Young calves getting accustomed to concentrate feed.

The pedigree cohort is predominantly Limousin, though there are some Hereford bloodlines present too.

Kieran is a passionate breeder, with an encyclopaedic knowledge of genetic lines and the breeding indices, a trait that complements his off-farm job as an AI technician with Munster AI very well.

Dromanig King

He has built a solid reputation for producing quality pedigree stock and this culminated in the sale of a young Limousin bull to Dovea Genetics in late 2016.

Dromanig King. \ Dovea, Alfie ShawThe bull is by the famed Wilodge Cerberus and out of an Imperial cow.

“He was born in October 2015. Dromanig King (LM4302) has five stars on both the replacement (€149) and terminal (€143) indices,” Kieran said.

Calving difficulty is 4.4% (51% reliability) and carcase weight (weight for age) is an impressive 28kg. Daughter milk is 5.1kg (four stars across all breeds).

Across all of his pedigree progeny, the average bull selling price in 2017 was €2,470 and heifers were €1,500.

Scanning

There are 65 breeding females on the farm at present, with Kieran planning to keep calving numbers at 50. He is bulling all of his heifers and selling the surplus.

Cows that slip outside his autumn breeding period will either be culled at weaning, or bulled to calve in the springtime and sold at relevant sales.

Last week, 34 females were pregnancy scanned.

“There was one empty cow that had a dead embryo in her. We gave her a shot (enzaprost) and she was in heat three days later, so hopefully she held to that service.

“Out of 14 heifers in the batch scanned, three were empty.
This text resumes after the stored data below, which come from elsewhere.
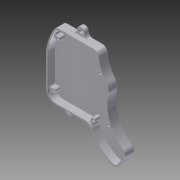
# Autodesk Inventor part: 20keyCaseRIght
Saved by Autodesk Inventor 2015 SP2 (Build 190223200, 223)
## iProperties
Created: 2015-12-14
Part Number: 20keyCaseRIght
Material: Aluminum 6061
Document SubType Name: Modeling
Designer: Josh
Density: 2.7 g/cm^3
Appearance: Aluminum - Flat
Author: Josh
Autodesk Inventor part; units mm, degrees
ref_plane "YZ Plane" through (0, 0, 0) normal (1, 0, 0) x (0, 1, 0)
ref_plane "XZ Plane" through (0, 0, 0) normal (0, 1, 0) x (-1, 0, 0)
ref_plane "XY Plane" through (0, 0, 0) normal (0, 0, 1) x (1, 0, 0)
sketch "Sketch1" plane through (0, 0, 0) normal (0, 0, 1) x (1, 0, 0)
  arc A0 (-34.3306, 52.1789) -> (-46.6208, 17.6368) centre (46.1813, 4.0752) ccw projected
  arc A1 (-46.6913, -8.336) -> (-46.6875, -8.1163) centre (-53.0375, -8.1163) ccw projected
  arc A2 (-46.6208, 17.6368) -> (-46.6875, 16.7186) centre (-40.3375, 16.7186) ccw projected
  arc A3 (-28.8795, 55.272) -> (-34.3306, 52.1789) centre (-28.8795, 48.922) ccw projected
  line L0 (-28.8795, 55.272) -> (26.3659, 55.272) projected
  arc A4 (32.6845, 49.5522) -> (26.3659, 55.272) centre (26.3659, 48.922) ccw projected
  arc A5 (32.6845, 49.5522) -> (45.4912, 18.6994) centre (90.0314, 55.272) ccw projected
  arc A6 (48.0197, 7.6526) -> (45.4912, 18.6994) centre (35.6761, 10.6401) ccw projected
  arc A7 (48.0197, 7.6526) -> (72.5516, -61.5815) centre (113.3553, -8.1601) ccw projected
  arc A8 (74.0573, -70.0323) -> (72.5516, -61.5815) centre (68.6971, -66.6278) ccw projected
  line L1 (65.6044, -83.341) -> (74.0573, -70.0323) projected
  arc A9 (58.0785, -85.9058) -> (65.6044, -83.341) centre (60.2442, -79.9365) ccw projected
  arc A10 (25.4201, -55.2506) -> (58.0785, -85.9058) centre (77.431, -32.5649) ccw projected
  arc A11 (25.4201, -55.2506) -> (13.7792, -47.628) centre (13.7792, -60.328) ccw projected
  arc A12 (-49.8625, -34.928) -> (-33.9875, -50.803) centre (-33.9875, -34.928) ccw
  arc A13 (-37.0562, 53.8074) -> (-49.7624, 18.0959) centre (46.1813, 4.0752) ccw
  arc A14 (-28.8795, 58.447) -> (-37.0562, 53.8074) centre (-28.8795, 48.922) ccw
  arc A15 (35.8439, 49.8674) -> (26.3659, 58.447) centre (26.3659, 48.922) ccw
  arc A16 (35.8439, 49.8674) -> (47.945, 20.7143) centre (90.0314, 55.272) ccw
  arc A17 (51.1056, 6.9058) -> (47.945, 20.7143) centre (35.6761, 10.6401) ccw
  arc A18 (51.1056, 6.9058) -> (74.4788, -59.0583) centre (113.3553, -8.1601) ccw
  arc A19 (76.7374, -71.7346) -> (74.4788, -59.0583) centre (68.6971, -66.6278) ccw
  arc A20 (22.5099, -56.5199) -> (13.7792, -50.803) centre (13.7792, -60.328) ccw
  line L2 (-33.9875, -34.928) -> (-33.9875, -63.8542)
  line L3 (-33.9875, -34.928) -> (-53.3277, -34.928)
  arc A21 (-49.7624, 18.0959) -> (-49.8625, 16.7186) centre (-40.3375, 16.7186) ccw
  line L4 (-40.3375, 16.7186) -> (-53.0375, 16.7186)
  line L5 (-40.3375, 16.7186) -> (-50.1751, 18.1562)
  line L6 (-28.8795, 48.922) -> (-38.906, 54.9127)
  line L7 (-28.8795, 48.922) -> (-28.8795, 65.0273)
  line L8 (26.3659, 48.922) -> (26.3659, 63.8949)
  line L9 (26.3659, 48.922) -> (41.6068, 50.4421)
  line L10 (35.6761, 10.6401) -> (50.953, 23.1841)
  line L11 (35.6761, 10.6401) -> (56.3542, 5.6355)
  line L12 (68.6971, -66.6278) -> (82.3318, -48.7769)
  line L13 (68.6971, -66.6278) -> (86.2238, -77.7598)
  line L14 (60.2442, -79.9365) -> (52.8937, -100.1965)
  line L15 (13.7792, -60.328) -> (13.7792, -43.3364)
  line L16 (13.7792, -60.328) -> (29.8025, -53.3391)
  line L17 (60.2442, -79.9365) -> (68.7206, -85.3202)
  arc A22 (56.9956, -88.8904) -> (68.2845, -85.0433) centre (60.2442, -79.9365) ccw
  arc A23 (22.5099, -56.5199) -> (56.9956, -88.8904) centre (77.431, -32.5649) ccw
  line L18 (68.2845, -85.0433) -> (76.7374, -71.7346)
  line L19 (-49.8625, -34.928) -> (-49.8625, 16.7186)
  line L20 (-33.9875, -50.803) -> (13.7792, -50.803)
  line L21 (-28.8795, 58.447) -> (26.3659, 58.447)
  circle A24 centre (12.1917, -49.2155) radius 1.5875
  line L22 (-46.6875, 16.7186) -> (-46.6875, -34.928) projected
  arc A25 (-46.6875, -34.928) -> (-33.9875, -47.628) centre (-33.9875, -34.928) ccw projected
  line L23 (13.7792, -47.628) -> (-33.9875, -47.628) projected
  point P0 (0, 0)
  point P1 (-33.9875, -51.1891)
  point P2 (-45.0507, -34.928)
  dimension "d0" = 3.175
  constraints: 40 end point, 32 point on line, 24 point on circle, 13 centre point, 12 concentric, 4 parallel, 3 tangent, 1 coincident, 1 midpoint
  measures "d0" diameter of A24
extrude "Extrusion1" add sketch "Sketch1" against normal blind 14.2875 contours L6 L7 L0 L8 L9 A5 L10 L11 A7 L12 L13 L1 L17 L14 A10 A11 L23 L2 L3 L22 L4 L5 A0 | L6 A14 L7 A3 | A3 L7 L6 | A0 L5 A13 L6 | L5 L4 A2 | A2 L4 A21 L5 | L7 L21 L8 L0 | L22 L3 L19 L4 | L8 A15 L9 A4 | A4 L9 L8 | L9 A16 L10 A5 | L3 A25 L2 A12 | L3 L2 A25 | L10 A17 L11 A6 | A6 L11 L10 | L2 L23 A24 L20 | L11 A18 L12 A7 | A24 L15 L20 | A24 | L23 L15 A24 | L12 A19 L13 A8 | A8 L13 L12 | L15 A11 L16 A20 | L13 L18 L17 L1 | L16 A10 L14 A23 | L17 A22 L14 A9 | A9 L14 L17
shell "Shell1" thickness 2.54 removed faces 1 at (4.4642, -12.5389, 0)
sketch "Sketch2" plane through (0, 0, -14.2875) normal (0, 0, -1) x (-1, 0, 0)
  arc A0 (7.6068, 64.797) -> (13.9568, 58.447) centre (13.9568, 64.797) ccw projected
  circle A1 centre (1.2568, 64.797) radius 6.35 projected
  circle A2 centre (1.2568, 64.797) radius 2.5527
  arc A3 (-11.4432, 58.447) -> (-5.0932, 64.797) centre (-11.4432, 64.797) ccw projected
  arc A4 (33.9875, -50.803) -> (27.6375, -57.153) centre (33.9875, -57.153) ccw projected
  circle A5 centre (21.2875, -57.153) radius 6.35 projected
  circle A6 centre (21.2875, -57.153) radius 2.5527
  arc A7 (14.9375, -57.153) -> (8.5875, -50.803) centre (8.5875, -57.153) ccw projected
  arc A8 (-25.6319, -62.6817) -> (-23.8454, -71.0319) centre (-20.1423, -65.8735) ccw projected
  circle A9 centre (-27.5485, -76.1904) radius 6.35 projected
  circle A10 centre (-27.5485, -76.1904) radius 2.5527
  arc A11 (-32.1676, -80.5477) -> (-40.6814, -79.8896) centre (-36.7867, -84.905) ccw projected
  arc A12 (-32.1676, -80.5477) -> (-40.6814, -79.8896) centre (-36.7867, -84.905) ccw
  arc A13 (-25.6319, -62.6817) -> (-23.8454, -71.0319) centre (-20.1423, -65.8735) ccw
  arc A14 (-56.9956, -88.8904) -> (-22.5099, -56.5199) centre (-77.431, -32.5649) ccw projected
  arc A15 (-23.8454, -71.0319) -> (-32.3284, -72.0101) centre (-27.5485, -76.1904) ccw
  arc A16 (-32.3284, -72.0101) -> (-32.1676, -80.5477) centre (-27.5485, -76.1904) ccw
  arc A17 (-40.6814, -79.8896) -> (-32.3284, -72.0101) centre (-77.431, -32.5649) ccw
  arc A18 (-32.3284, -72.0101) -> (-25.6319, -62.6817) centre (-77.431, -32.5649) ccw
  arc A19 (-56.9956, -88.8904) -> (-22.5099, -56.5199) centre (-77.431, -32.5649) ccw projected
  arc A20 (-11.4432, 58.447) -> (-5.0932, 64.797) centre (-11.4432, 64.797) ccw
  arc A21 (7.6068, 64.797) -> (13.9568, 58.447) centre (13.9568, 64.797) ccw
  arc A22 (1.2568, 58.447) -> (7.6068, 64.797) centre (1.2568, 64.797) ccw
  arc A23 (-5.0932, 64.797) -> (1.2568, 58.447) centre (1.2568, 64.797) ccw
  line L0 (-11.4432, 58.447) -> (1.2568, 58.447)
  line L1 (28.8795, 58.447) -> (-26.3659, 58.447) projected
  line L2 (1.2568, 58.447) -> (13.9568, 58.447)
  arc A24 (14.9375, -57.153) -> (8.5875, -50.803) centre (8.5875, -57.153) ccw
  arc A25 (33.9875, -50.803) -> (27.6375, -57.153) centre (33.9875, -57.153) ccw
  line L3 (-13.7792, -50.803) -> (33.9875, -50.803) projected
  arc A26 (27.6375, -57.153) -> (21.2875, -50.803) centre (21.2875, -57.153) ccw
  arc A27 (21.2875, -50.803) -> (14.9375, -57.153) centre (21.2875, -57.153) ccw
  line L4 (8.5875, -50.803) -> (21.2875, -50.803)
  line L5 (21.2875, -50.803) -> (33.9875, -50.803)
  circle A28 centre (1.2568, 64.797) radius 2.5527 projected
  circle A29 centre (21.2875, -57.153) radius 2.5527 projected
  circle A30 centre (-27.5485, -76.1904) radius 2.5527 projected
  point P0 (0, 0)
  constraints: 32 point on circle, 17 centre point, 11 equal radius, 9 tangent, 8 end point, 3 concentric, 2 collinear, 1 point on line
extrude "Extrusion2" add sketch "Sketch2" against normal blind 6.35
sketch "Sketch3" plane through (-28.8795, 55.907, -11.7475) normal (0, 0, 1) x (1, 0, 0)
  circle A0 centre (-5.3111, -15.386) radius 2.0828 projected
  circle A1 centre (-12.1636, -91.6238) radius 2.0828 projected
  circle A2 centre (51.9997, -100.6477) radius 2.0828 projected
  circle A3 centre (76.8372, -95.9142) radius 2.0828 projected
  circle A4 centre (62.894, -29.7847) radius 2.0828 projected
  line L0 (103.4728, -126.2798) -> (95.0198, -139.5885) projected
  arc A5 (86.7414, -142.4097) -> (95.0198, -139.5885) centre (89.1236, -135.8435) ccw projected
  arc A6 (53.7175, -111.4114) -> (86.7414, -142.4097) centre (106.3104, -88.4719) ccw projected
  arc A7 (53.7175, -111.4114) -> (42.6587, -104.17) centre (42.6587, -116.235) ccw projected
  line L1 (42.6587, -104.17) -> (-5.108, -104.17) projected
  arc A8 (-18.443, -90.835) -> (-5.108, -104.17) centre (-5.108, -90.835) ccw projected
  line L2 (-18.443, -90.835) -> (-18.443, -39.1884) projected
  arc A9 (-18.3696, -38.1784) -> (-18.443, -39.1884) centre (-11.458, -39.1884) ccw projected
  arc A10 (-5.9963, -3.4024) -> (-18.3696, -38.1784) centre (75.0607, -51.8319) ccw projected
  arc A11 (0, 0) -> (-5.9963, -3.4024) centre (0, -6.985) ccw projected
  line L3 (0, 0) -> (55.2453, 0) projected
  arc A12 (62.1959, -6.2918) -> (55.2453, 0) centre (55.2453, -6.985) ccw projected
  arc A13 (62.1959, -6.2918) -> (74.8615, -36.8046) centre (118.9109, -0.635) ccw projected
  arc A14 (77.5164, -48.4038) -> (74.8615, -36.8046) centre (64.5556, -45.2669) ccw projected
  arc A15 (77.5164, -48.4038) -> (101.8165, -116.9838) centre (142.2348, -64.0671) ccw projected
  arc A16 (103.4728, -126.2798) -> (101.8165, -116.9838) centre (97.5766, -122.5348) ccw projected
  line L4 (55.2453, 2.54) -> (0, 2.54) projected
  arc A17 (0, 2.54) -> (-8.1767, -2.0996) centre (0, -6.985) ccw projected
  arc A18 (-8.1767, -2.0996) -> (-20.8829, -37.8111) centre (75.0607, -51.8319) ccw projected
  arc A19 (-20.8829, -37.8111) -> (-20.983, -39.1884) centre (-11.458, -39.1884) ccw projected
  line L5 (-20.983, -39.1884) -> (-20.983, -90.835) projected
  arc A20 (-20.983, -90.835) -> (-5.108, -106.71) centre (-5.108, -90.835) ccw projected
  line L6 (-5.108, -106.71) -> (42.6587, -106.71) projected
  arc A21 (51.3893, -112.4269) -> (42.6587, -106.71) centre (42.6587, -116.235) ccw projected
  arc A22 (51.3893, -112.4269) -> (85.8751, -144.7974) centre (106.3104, -88.4719) ccw projected
  arc A23 (85.8751, -144.7974) -> (97.1639, -140.9503) centre (89.1236, -135.8435) ccw projected
  line L7 (97.1639, -140.9503) -> (105.6169, -127.6416) projected
  arc A24 (105.6169, -127.6416) -> (103.3583, -114.9653) centre (97.5766, -122.5348) ccw projected
  arc A25 (79.9851, -49.0012) -> (103.3583, -114.9653) centre (142.2348, -64.0671) ccw projected
  arc A26 (79.9851, -49.0012) -> (76.8245, -35.1927) centre (64.5556, -45.2669) ccw projected
  arc A27 (64.7233, -6.0397) -> (76.8245, -35.1927) centre (118.9109, -0.635) ccw projected
  arc A28 (64.7233, -6.0397) -> (55.2453, 2.54) centre (55.2453, -6.985) ccw projected
  circle A29 centre (-5.3111, -15.386) radius 3.175
  circle A30 centre (-12.1636, -91.6238) radius 3.175
  circle A31 centre (51.9997, -100.6477) radius 3.175
  circle A32 centre (76.8372, -95.9142) radius 3.175
  circle A33 centre (62.894, -29.7847) radius 3.175
  arc A34 (-18.443, -86.0844) -> (-13.7158, -88.8541) centre (-15.268, -86.0844) ccw
  arc A35 (-12.2517, -94.7976) -> (-14.5997, -100.2015) centre (-12.3397, -97.9714) ccw
  arc A36 (45.053, -104.41) -> (48.8414, -100.9729) centre (45.6831, -101.2981) ccw
  arc A37 (53.7175, -111.4114) -> (42.6587, -104.17) centre (42.6587, -116.235) ccw projected
  arc A38 (53.2022, -103.5862) -> (51.9576, -108.5477) centre (54.4046, -106.5247) ccw
  arc A39 (77.5164, -48.4038) -> (101.8165, -116.9838) centre (142.2348, -64.0671) ccw projected
  arc A40 (77.0716, -92.7479) -> (80.2611, -88.4203) centre (77.3061, -89.5815) ccw
  arc A41 (84.848, -97.8396) -> (79.4744, -97.6821) centre (82.1117, -99.4499) ccw
  arc A42 (63.062, -26.6142) -> (66.168, -22.2401) centre (63.2299, -23.4436) ccw
  arc A43 (70.9516, -31.4327) -> (65.587, -31.4665) centre (68.28, -33.1483) ccw
  arc A44 (-8.335, -7.5508) -> (-5.4209, -12.2129) centre (-5.5307, -9.0398) ccw
  arc A45 (-7.7704, -17.3941) -> (-13.1975, -18.2738) centre (-10.2297, -19.4022) ccw
  line L8 (-18.443, -90.835) -> (-18.443, -39.1884) projected
  arc A46 (-18.443, -90.835) -> (-5.108, -104.17) centre (-5.108, -90.835) ccw projected
  arc A47 (53.7175, -111.4114) -> (42.6587, -104.17) centre (42.6587, -116.235) ccw projected
  arc A48 (77.5164, -48.4038) -> (101.8165, -116.9838) centre (142.2348, -64.0671) ccw projected
  arc A49 (62.1959, -6.2918) -> (74.8615, -36.8046) centre (118.9109, -0.635) ccw projected
  arc A50 (-5.9963, -3.4024) -> (-18.3696, -38.1784) centre (75.0607, -51.8319) ccw projected
  point P0 (28.8795, -55.907)
  dimension "d6" = 6.35
  constraints: 42 point on circle, 20 tangent, 15 centre point, 14 equal radius, 5 coincident, 1 point on line
  measures "d6" diameter of A29
extrude "Extrusion3" add sketch "Sketch3" along normal blind 10.16 contours A41 A32 A40 A15 | A32 | A7 A36 A31 A38 | A31 | A43 A33 A42 A13 | A33 | A8 L2 A34 A30 A35 | A30 | A44 A29 A45 A10 | A29
thread "Thread1" size "8-32 UNC" class "2B" standard "ANSI Unified Screw Threads" full length
thread "Thread2" size "8-32 UNC" class "2B" standard "ANSI Unified Screw Threads" full length
thread "Thread3" size "8-32 UNC" class "2B" standard "ANSI Unified Screw Threads" full length
thread "Thread4" size "8-32 UNC" class "2B" standard "ANSI Unified Screw Threads" full length
thread "Thread5" size "8-32 UNC" class "2B" standard "ANSI Unified Screw Threads" full length
sketch "Sketch4" plane through (-49.8625, -34.928, 0) normal (-1, 0, 0) x (0, 0, 1)
  line L0 (-11.7475, -3.9626) -> (-11.7475, -9.3665) projected
  line L1 (-11.7475, -13.335) -> (-11.7475, -9.3665) projected
  line L2 (-11.7475, -13.575) -> (-11.7475, -13.335) projected
  line L3 (-11.7475, -13.575) -> (-11.7475, -10.1379) projected
  line L4 (-11.7475, -10.1379) -> (-11.7475, -12.7512) projected
  line L5 (-11.7475, -12.7512) -> (-11.7475, -17.7127) projected
  line L6 (-11.7475, -20.5764) -> (-11.7475, -17.7127) projected
  line L7 (-11.7475, -51.5747) -> (-11.7475, -20.5764) projected
  line L8 (-11.7475, -48.7535) -> (-11.7475, -51.5747) projected
  line L9 (-11.7475, -35.4448) -> (-11.7475, -48.7535) projected
  line L10 (-11.7475, -26.1488) -> (-11.7475, -35.4448) projected
  line L11 (-11.7475, -7.0046) -> (-11.7475, -26.1488) projected
  line L12 (-11.7475, -7.0046) -> (-11.7475, -6.8471) projected
  line L13 (-11.7475, -6.8471) -> (-11.7475, -1.9129) projected
  line L14 (-11.7475, -1.9129) -> (-11.7475, 2.4147) projected
  line L15 (-11.7475, 42.4312) -> (-11.7475, 2.4147) projected
  line L16 (-11.7475, 54.0304) -> (-11.7475, 42.4312) projected
  line L17 (-11.7475, 59.4023) -> (-11.7475, 54.0304) projected
  line L18 (-11.7475, 59.4023) -> (-11.7475, 59.3685) projected
  line L19 (-11.7475, 59.3685) -> (-11.7475, 64.2208) projected
  line L20 (-11.7475, 64.2208) -> (-11.7475, 68.5949) projected
  line L21 (-11.7475, 84.5432) -> (-11.7475, 68.5949) projected
  line L22 (-11.7475, 90.835) -> (-11.7475, 84.5432) projected
  line L23 (-11.7475, 87.4326) -> (-11.7475, 90.835) projected
  line L24 (-11.7475, 83.2842) -> (-11.7475, 87.4326) projected
  line L25 (-11.7475, 83.2842) -> (-11.7475, 78.6221) projected
  line L26 (-11.7475, 78.6221) -> (-11.7475, 73.4409) projected
  line L27 (-11.7475, 73.4409) -> (-11.7475, 72.5612) projected
  line L28 (-11.7475, 52.6566) -> (-11.7475, 72.5612) projected
  line L29 (-11.7475, 51.6466) -> (-11.7475, 52.6566) projected
  line L30 (-11.7475, 4.7506) -> (-11.7475, 51.6466) projected
  line L31 (-11.7475, 4.7506) -> (-11.7475, 1.9809) projected
  line L32 (-11.7475, 1.9809) -> (-11.7475, -3.9626) projected
  line L33 (-1.397, 26.7) -> (-1.397, 12.7) projected
  line L34 (0, 12.7) -> (0, 26.7) projected
  line L35 (0, 31.75) -> (0, 45.75) projected
  line L36 (-1.397, 45.75) -> (-1.397, 31.75) projected
  line L37 (-1.397, -17.7375) -> (-1.397, 65.21)
  line L38 (0, 26.7) -> (-1.397, 26.7)
  line L39 (-1.397, 26.7) -> (-1.397, 31.75)
  line L40 (-1.397, 31.75) -> (0, 31.75)
  line L41 (0, 31.75) -> (0, 26.7)
  line L42 (0, -6.35) -> (0, 7.65) projected
  line L43 (0, 7.65) -> (-1.397, 7.65)
  line L44 (-1.397, 7.65) -> (-1.397, 12.7)
  line L45 (-1.397, 12.7) -> (0, 12.7)
  line L46 (0, 12.7) -> (0, 7.65)
  line L47 (-1.397, 7.65) -> (-11.7475, 7.65)
  line L48 (-11.7475, 7.65) -> (-11.7475, 12.7)
  line L49 (-11.7475, 12.7) -> (-1.397, 12.7)
  line L50 (-1.397, 12.7) -> (-1.397, 7.65)
  line L51 (-1.397, 26.7) -> (-11.7475, 26.7)
  line L52 (-11.7475, 26.7) -> (-11.7475, 31.75)
  line L53 (-11.7475, 31.75) -> (-1.397, 31.75)
  line L54 (-1.397, 31.75) -> (-1.397, 26.7)
  line L55 (-11.7475, 7.65) -> (-1.397, 12.7)
  line L56 (-11.7475, 12.7) -> (-1.397, 7.65)
  line L57 (-11.7475, 26.7) -> (-1.397, 31.75)
  line L58 (-11.7475, 31.75) -> (-1.397, 26.7)
  circle A0 centre (-6.5722, 10.175) radius 4.0005
  line L59 (-2.7622, 24.4625) -> (-10.3822, 24.4625)
  line L60 (-10.3822, 24.4625) -> (-10.3822, 33.9875)
  line L61 (-10.3822, 33.9875) -> (-2.7622, 33.9875)
  line L62 (-2.7622, 33.9875) -> (-2.7622, 24.4625)
  line L63 (-2.7622, 24.4625) -> (-10.3822, 33.9875) construction
  line L64 (-10.3822, 24.4625) -> (-2.7622, 33.9875) construction
  arc A1 (-10.5184, 25.2563) -> (-8.1372, 22.875) centre (-8.1372, 25.2563) ccw
  arc A2 (-5.0073, 22.875) -> (-2.6261, 25.2563) centre (-5.0073, 25.2563) ccw
  arc A3 (-2.6261, 33.1938) -> (-5.0073, 35.575) centre (-5.0073, 33.1938) ccw
  arc A4 (-8.1372, 35.575) -> (-10.5184, 33.1938) centre (-8.1372, 33.1938) ccw
  line L65 (-10.5184, 25.2563) -> (-10.5184, 33.1938)
  line L66 (-8.1372, 22.875) -> (-5.0073, 22.875)
  line L67 (-2.6261, 25.2563) -> (-2.6261, 33.1938)
  line L68 (-5.0073, 35.575) -> (-8.1372, 35.575)
  line L69 (0, 22.875) -> (-5.2816, 22.875)
  line L70 (-5.2816, 22.875) -> (-5.2816, 35.575)
  line L71 (-5.2816, 35.575) -> (0, 35.575)
  line L72 (0, 35.575) -> (0, 22.875)
  line L73 (0, 22.875) -> (-0.6985, 22.875)
  line L74 (-0.6985, 22.875) -> (-0.6985, 26.7)
  line L75 (-0.6985, 26.7) -> (0, 26.7)
  line L76 (0, 26.7) -> (0, 22.875)
  line L77 (-0.6985, 31.75) -> (0, 31.75)
  line L78 (0, 31.75) -> (0, 35.575)
  line L79 (0, 35.575) -> (-0.6985, 35.575)
  line L80 (-0.6985, 35.575) -> (-0.6985, 31.75)
  point P0 (0, 34.928)
  point P1 (-6.5722, 29.225)
  dimension "d19" = 8.001
  dimension "d20" = 9.525
  dimension "d21" = 7.62
  dimension "d22" = 2.3813
  dimension "d23" = 12.7
  constraints: 86 end point, 21 parallel, 12 point on circle, 9 horizontal, 8 perpendicular, 8 tangent, 6 midpoint, 5 centre point, 5 point on line, 4 collinear, 3 equal radius
  measures "d19" diameter of A0
  measures "d20" distance of L59.end L60.end
  measures "d21" distance of L60.end L61.end
  measures "d22" radius of A1
  measures "d23" distance of L69.end L70.end
extrude "Extrusion4" cut sketch "Sketch4" against normal blind 8.763 contours L65 A4 L60 L53 | L53 L60 L58 L65 | L58 L60 L57 L65 | L65 L57 L60 L51 | L51 L60 A1 L65 | L60 L61 L70 L53 | L53 L70 L57 L58 L60 | L58 L57 L60 | A0 L49 | L49 A0 L55 L56 | L56 L55 A0 | L60 L57 L58 L70 L51 | L51 L70 L59 L60 | L70 L61 L62 L53 | L53 L62 L57 L70 | A4 L68 L70 L61 | L57 L70 L58 | A0 L55 L56 L47 | L47 A0 | L55 A0 L56 | L70 L58 L62 L51 | L51 L62 L59 L70 | L59 L70 L66 A1 | L62 A3 L67 L53 | L53 L67 L57 L62 | L57 L62 L58 L70 | L70 L68 A3 L61 | L62 L58 L67 L51 | L51 L67 A2 L62 | L59 A2 L66 L70 | L57 L67 L58 L62
body "Solid1"

I’ll scan the rest of the herd before they go to grass,” he said.

Kieran has good covers of grass around his yard, having operated an autumn rotation planner in 2017, strategically closing paddocks off for winter.

Kieran Noonan and a Fiston daughter.

Kieran Noonan and a Fiston daughter.

Given his autumn-calving pattern, young calves have the facility to creep out to these paddocks early. In fact, he is targeting his calves as his main stock group for grazing off silage ground pre-cutting. His plan is to close up silage fields by the second week in April.

Grass burst

Kieran recorded the second highest average grass growth across the BETTER beef programme in 2017, with his farm averaging almost 13t DM/ha of production.

Kieran’s grazing block is a tale of two halves. Of 105 acres, half were overrun with rushes at the turn of 2017.

This part of the farm was extremely unproductive, only achieving a handful of grazing in a good year. That meant that the productive part of the farm was carrying a stocking rate in excess of 5LU/ha at certain points in 2017.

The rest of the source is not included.